Task objective
Copy each line of the data below with the word "Inventor".

*** Opening of Records ***

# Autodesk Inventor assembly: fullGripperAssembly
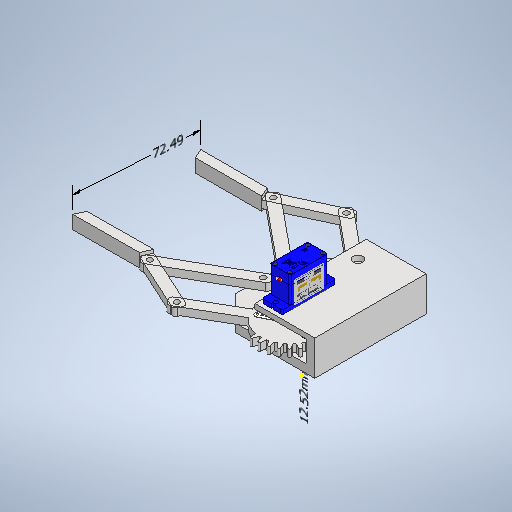
[picture p0: Inventor's stored thumbnail of the model, 512x512]
Saved by Autodesk Inventor 2025.1 (Build 291241020, 241B)
## iProperties
Created: 2025-03-19
Part Number: fullGripperAssembly
Document SubType Name: Assembly
Designer: omiye
Author: omiye
## Documents named in this file (9)
- C:\Projects\Arduino\MazeRobot\models\gripper\fullGripperAssembly.iam
- C:\Projects\Arduino\MazeRobot\models\gripper\base.ipt
- C:\Projects\Arduino\MazeRobot\models\gripper\servoGear.ipt
- C:\Projects\Arduino\MazeRobot\models\gripper\otherGear.ipt
- C:\Projects\Arduino\MazeRobot\models\sg90\sg90body.ipt
- C:\Projects\Arduino\MazeRobot\models\sg90\sg90horn.ipt
- C:\Projects\Arduino\MazeRobot\models\gripper\extension.ipt
- C:\Projects\Arduino\MazeRobot\models\gripper\arm.ipt
- C:\Projects\Arduino\MazeRobot\models\gripper\armMirror.ipt
## Components (9 placed, 8 different names)
1. base:1 — Mate:1, Mate:2, Mate:3, Mate:9, Mate:10, Mate:11, Mate:12, Mate:13, Mate:14, Mate:15
2. sg90body:1 — Mate:1, Mate:2, Mate:3, Mate:4, Mate:5, Mate:7, Mate:9, Mate:10, Mate:11
3. sg90horn:1 — Mate:4, Mate:5, Mate:6, Mate:8
4. servoGear:1 — Mate:6, Mate:7, Mate:8, Flush:1, Mate:18, Flush:5
5. otherGear:1 — Flush:1, Mate:12, Mate:13, Flush:2, Mate:16
6. extension:1 — Flush:3, Mate:15, Mate:19
7. extension:2 — Mate:14, Flush:2, Flush:3, Flush:4, Mate:17
8. arm:1 — Mate:16, Flush:4, Mate:17
9. armMirror:1 — Mate:18, Flush:5, Mate:19
## Relationships (24: Mate 19, Flush 5)
- Mate:1: base:1 ↔ sg90body:1
- Mate:2: base:1 ↔ sg90body:1
- Mate:3: base:1 ↔ sg90body:1
- Mate:4: sg90body:1 ↔ sg90horn:1
- Mate:5: sg90body:1 ↔ sg90horn:1
- Mate:6: sg90horn:1 ↔ servoGear:1
- Mate:7: sg90body:1 ↔ servoGear:1
- Mate:8: sg90horn:1 ↔ servoGear:1
- Mate:9: base:1 ↔ sg90body:1
- Mate:10: base:1 ↔ sg90body:1
- Mate:11: base:1 ↔ sg90body:1
- Flush:1: servoGear:1 ↔ otherGear:1
- Mate:12: base:1 ↔ otherGear:1
- Mate:13: base:1 ↔ otherGear:1
- Mate:14: base:1 ↔ extension:2
- Flush:2: otherGear:1 ↔ extension:2
- Flush:3: extension:1 ↔ extension:2
- Mate:15: base:1 ↔ extension:1
- Mate:16: otherGear:1 ↔ arm:1
- Flush:4: extension:2 ↔ arm:1
- Mate:17: extension:2 ↔ arm:1
- Mate:18: servoGear:1 ↔ armMirror:1
- Flush:5: servoGear:1 ↔ armMirror:1
- Mate:19: extension:1 ↔ armMirror:1

*** Close of Records ***

Task answer
# Autodesk Inventor assembly: fullGripperAssembly
[picture p0: Inventor's stored thumbnail of the model, 512x512]
Saved by Autodesk Inventor 2025.1 (Build 291241020, 241B)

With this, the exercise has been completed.